» Your assignment
Up to and including the line with "#21=DIRECTION('',(1.,0.,0.));", restate every line of the records below word for word, from the first line on, leaving out the pictures.

[Data extracts — start]

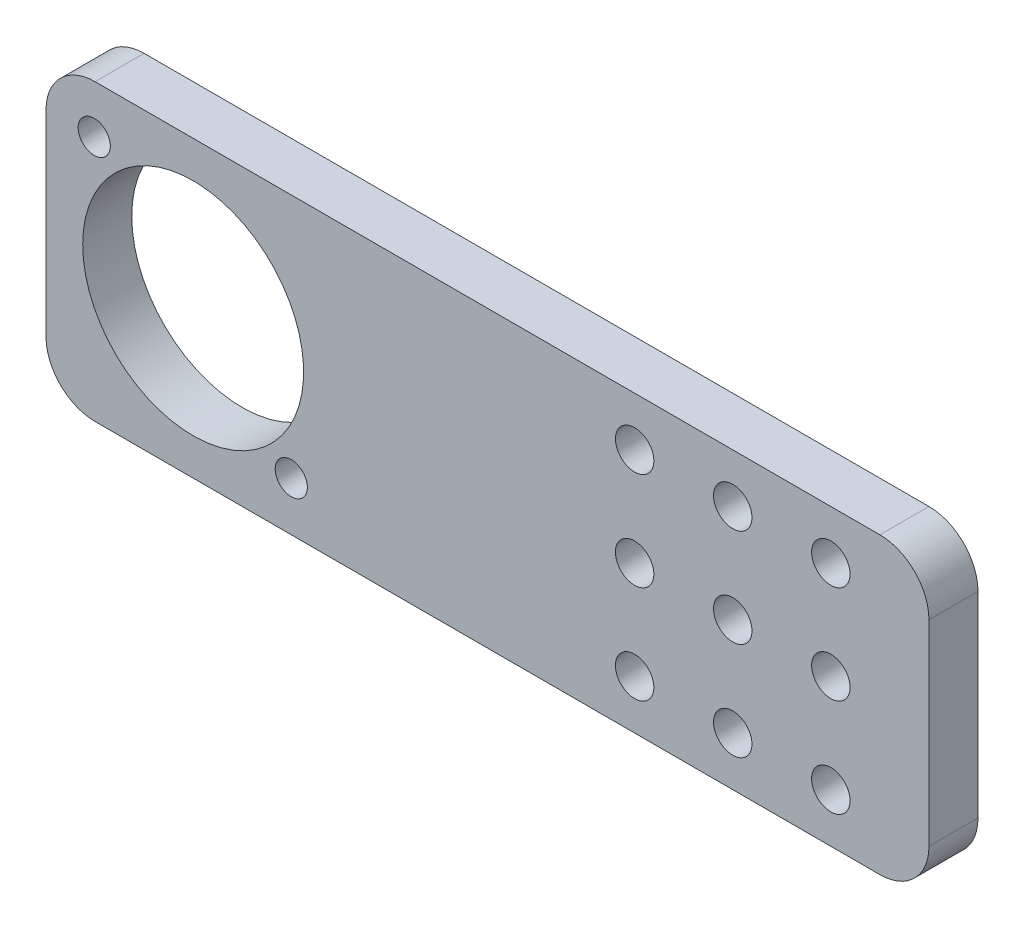
ISO-10303-21;
HEADER;
FILE_DESCRIPTION(('STEP AP214'),'2;1');
FILE_NAME('part.step','',(''),(''),'','','');
FILE_SCHEMA(('AUTOMOTIVE_DESIGN { 1 0 10303 214 1 1 1 1 }'));
ENDSEC;
DATA;
#1=APPLICATION_CONTEXT('core data for automotive mechanical design processes');
#2=APPLICATION_PROTOCOL_DEFINITION('international standard','automotive_design',2000,#1);
#3=PRODUCT_CONTEXT('',#1,'mechanical');
#4=PRODUCT('Part','Part','',(#3));
#5=PRODUCT_RELATED_PRODUCT_CATEGORY('part','',(#4));
#6=PRODUCT_DEFINITION_FORMATION('','',#4);
#7=PRODUCT_DEFINITION_CONTEXT('part definition',#1,'design');
#8=PRODUCT_DEFINITION('design','',#6,#7);
#9=PRODUCT_DEFINITION_SHAPE('','',#8);
#10=(LENGTH_UNIT() NAMED_UNIT(*) SI_UNIT(.MILLI.,.METRE.));
#11=(NAMED_UNIT(*) PLANE_ANGLE_UNIT() SI_UNIT($,.RADIAN.));
#12=(NAMED_UNIT(*) SI_UNIT($,.STERADIAN.) SOLID_ANGLE_UNIT());
#13=UNCERTAINTY_MEASURE_WITH_UNIT(LENGTH_MEASURE(1.E-05),#10,'distance_accuracy_value','');
#14=(GEOMETRIC_REPRESENTATION_CONTEXT(3) GLOBAL_UNCERTAINTY_ASSIGNED_CONTEXT((#13)) GLOBAL_UNIT_ASSIGNED_CONTEXT((#10,
#11,#12)) REPRESENTATION_CONTEXT('',''));
#15=CARTESIAN_POINT('',(0.,0.,0.));
#16=DIRECTION('',(0.,0.,1.));
#17=DIRECTION('',(1.,0.,0.));
#18=AXIS2_PLACEMENT_3D('',#15,#16,#17);
#19=CARTESIAN_POINT('',(107.95,-12.7,-6.35000000000001));
#20=DIRECTION('',(0.,0.,1.));
#21=DIRECTION('',(1.,0.,0.));
#22=AXIS2_PLACEMENT_3D('',#19,#20,#21);
#23=CYLINDRICAL_SURFACE('',#22,6.34999999999986);
#24=CARTESIAN_POINT('',(107.95,-12.7,0.));
#25=DIRECTION('',(0.,0.,1.));
#26=DIRECTION('',(1.,0.,0.));
#27=AXIS2_PLACEMENT_3D('',#24,#25,#26);
#28=CIRCLE('',#27,6.34999999999986);
#29=CARTESIAN_POINT('',(107.95,-19.0499999999999,0.));
#30=VERTEX_POINT('',#29);
#31=CARTESIAN_POINT('',(114.3,-12.7,0.));
#32=VERTEX_POINT('',#31);
#33=EDGE_CURVE('E140',#30,#32,#28,.T.);
#34=ORIENTED_EDGE('',*,*,#33,.F.);
#35=DIRECTION('',(0.,0.,1.));
#36=VECTOR('',#35,1.);
#37=CARTESIAN_POINT('',(107.95,-19.0499999999999,-6.35000000000001));
#38=LINE('',#37,#36);
#39=CARTESIAN_POINT('',(107.95,-19.0499999999999,-6.35000000000001));
#40=VERTEX_POINT('',#39);
#41=EDGE_CURVE('E11',#40,#30,#38,.T.);
#42=ORIENTED_EDGE('',*,*,#41,.F.);
#43=CARTESIAN_POINT('',(107.95,-12.7,-6.35000000000001));
#44=DIRECTION('',(0.,0.,1.));
#45=DIRECTION('',(1.,0.,0.));
#46=AXIS2_PLACEMENT_3D('',#43,#44,#45);
#47=CIRCLE('',#46,6.34999999999986);
#48=CARTESIAN_POINT('',(114.3,-12.7,-6.35000000000001));
#49=VERTEX_POINT('',#48);
#50=EDGE_CURVE('E161',#40,#49,#47,.T.);
#51=ORIENTED_EDGE('',*,*,#50,.T.);
#52=DIRECTION('',(0.,0.,1.));
#53=VECTOR('',#52,1.);
#54=CARTESIAN_POINT('',(114.3,-12.7,-6.35000000000001));
#55=LINE('',#54,#53);
#56=EDGE_CURVE('E46',#49,#32,#55,.T.);
#57=ORIENTED_EDGE('',*,*,#56,.T.);
#58=EDGE_LOOP('',(#34,#42,#51,#57));
#59=FACE_BOUND('',#58,.T.);
#60=ADVANCED_FACE('F43',(#59),#23,.T.);
#61=CARTESIAN_POINT('',(6.34999999999986,-19.0499999999999,-6.35000000000001));
#62=DIRECTION('',(0.,-1.,0.));
#63=DIRECTION('',(1.,0.,0.));
#64=AXIS2_PLACEMENT_3D('',#61,#62,#63);
#65=PLANE('',#64);
#66=DIRECTION('',(1.,0.,0.));
#67=VECTOR('',#66,1.);
#68=CARTESIAN_POINT('',(6.34999999999986,-19.0499999999999,0.));
#69=LINE('',#68,#67);
#70=CARTESIAN_POINT('',(6.34999999999986,-19.0499999999999,0.));
#71=VERTEX_POINT('',#70);
#72=EDGE_CURVE('E159',#71,#30,#69,.T.);
#73=ORIENTED_EDGE('',*,*,#72,.F.);
#74=DIRECTION('',(0.,0.,1.));
#75=VECTOR('',#74,1.);
#76=CARTESIAN_POINT('',(6.34999999999986,-19.0499999999999,-6.35000000000001));
#77=LINE('',#76,#75);
#78=CARTESIAN_POINT('',(6.34999999999986,-19.0499999999999,-6.35000000000001));
#79=VERTEX_POINT('',#78);
#80=EDGE_CURVE('E52',#79,#71,#77,.T.);
#81=ORIENTED_EDGE('',*,*,#80,.F.);
#82=DIRECTION('',(1.,0.,0.));
#83=VECTOR('',#82,1.);
#84=CARTESIAN_POINT('',(6.34999999999986,-19.0499999999999,-6.35000000000001));
#85=LINE('',#84,#83);
#86=EDGE_CURVE('E130',#79,#40,#85,.T.);
#87=ORIENTED_EDGE('',*,*,#86,.T.);
#88=ORIENTED_EDGE('',*,*,#41,.T.);
#89=EDGE_LOOP('',(#73,#81,#87,#88));
#90=FACE_BOUND('',#89,.T.);
#91=ADVANCED_FACE('F173',(#90),#65,.T.);
#92=CARTESIAN_POINT('',(6.34999999999986,-12.7,-6.35000000000001));
#93=DIRECTION('',(0.,0.,1.));
#94=DIRECTION('',(1.,0.,0.));
#95=AXIS2_PLACEMENT_3D('',#92,#93,#94);
#96=CYLINDRICAL_SURFACE('',#95,6.34999999999986);
#97=CARTESIAN_POINT('',(6.34999999999986,-12.7,0.));
#98=DIRECTION('',(0.,0.,1.));
#99=DIRECTION('',(1.,0.,0.));
#100=AXIS2_PLACEMENT_3D('',#97,#98,#99);
#101=CIRCLE('',#100,6.34999999999986);
#102=CARTESIAN_POINT('',(0.,-12.7,0.));
#103=VERTEX_POINT('',#102);
#104=EDGE_CURVE('E117',#103,#71,#101,.T.);
#105=ORIENTED_EDGE('',*,*,#104,.F.);
#106=DIRECTION('',(0.,0.,1.));
#107=VECTOR('',#106,1.);
#108=CARTESIAN_POINT('',(0.,-12.7,-6.35000000000001));
#109=LINE('',#108,#107);
#110=CARTESIAN_POINT('',(0.,-12.7,-6.35000000000001));
#111=VERTEX_POINT('',#110);
#112=EDGE_CURVE('E112',#111,#103,#109,.T.);
#113=ORIENTED_EDGE('',*,*,#112,.F.);
#114=CARTESIAN_POINT('',(6.34999999999986,-12.7,-6.35000000000001));
#115=DIRECTION('',(0.,0.,1.));
#116=DIRECTION('',(1.,0.,0.));
#117=AXIS2_PLACEMENT_3D('',#114,#115,#116);
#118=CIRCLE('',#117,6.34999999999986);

[Data extracts — finish]

» Worked solution
ISO-10303-21;
HEADER;
FILE_DESCRIPTION(('STEP AP214'),'2;1');
FILE_NAME('part.step','',(''),(''),'','','');
FILE_SCHEMA(('AUTOMOTIVE_DESIGN { 1 0 10303 214 1 1 1 1 }'));
ENDSEC;
DATA;
#1=APPLICATION_CONTEXT('core data for automotive mechanical design processes');
#2=APPLICATION_PROTOCOL_DEFINITION('international standard','automotive_design',2000,#1);
#3=PRODUCT_CONTEXT('',#1,'mechanical');
#4=PRODUCT('Part','Part','',(#3));
#5=PRODUCT_RELATED_PRODUCT_CATEGORY('part','',(#4));
#6=PRODUCT_DEFINITION_FORMATION('','',#4);
#7=PRODUCT_DEFINITION_CONTEXT('part definition',#1,'design');
#8=PRODUCT_DEFINITION('design','',#6,#7);
#9=PRODUCT_DEFINITION_SHAPE('','',#8);
#10=(LENGTH_UNIT() NAMED_UNIT(*) SI_UNIT(.MILLI.,.METRE.));
#11=(NAMED_UNIT(*) PLANE_ANGLE_UNIT() SI_UNIT($,.RADIAN.));
#12=(NAMED_UNIT(*) SI_UNIT($,.STERADIAN.) SOLID_ANGLE_UNIT());
#13=UNCERTAINTY_MEASURE_WITH_UNIT(LENGTH_MEASURE(1.E-05),#10,'distance_accuracy_value','');
#14=(GEOMETRIC_REPRESENTATION_CONTEXT(3) GLOBAL_UNCERTAINTY_ASSIGNED_CONTEXT((#13)) GLOBAL_UNIT_ASSIGNED_CONTEXT((#10,
#11,#12)) REPRESENTATION_CONTEXT('',''));
#15=CARTESIAN_POINT('',(0.,0.,0.));
#16=DIRECTION('',(0.,0.,1.));
#17=DIRECTION('',(1.,0.,0.));
#18=AXIS2_PLACEMENT_3D('',#15,#16,#17);
#19=CARTESIAN_POINT('',(107.95,-12.7,-6.35000000000001));
#20=DIRECTION('',(0.,0.,1.));
#21=DIRECTION('',(1.,0.,0.));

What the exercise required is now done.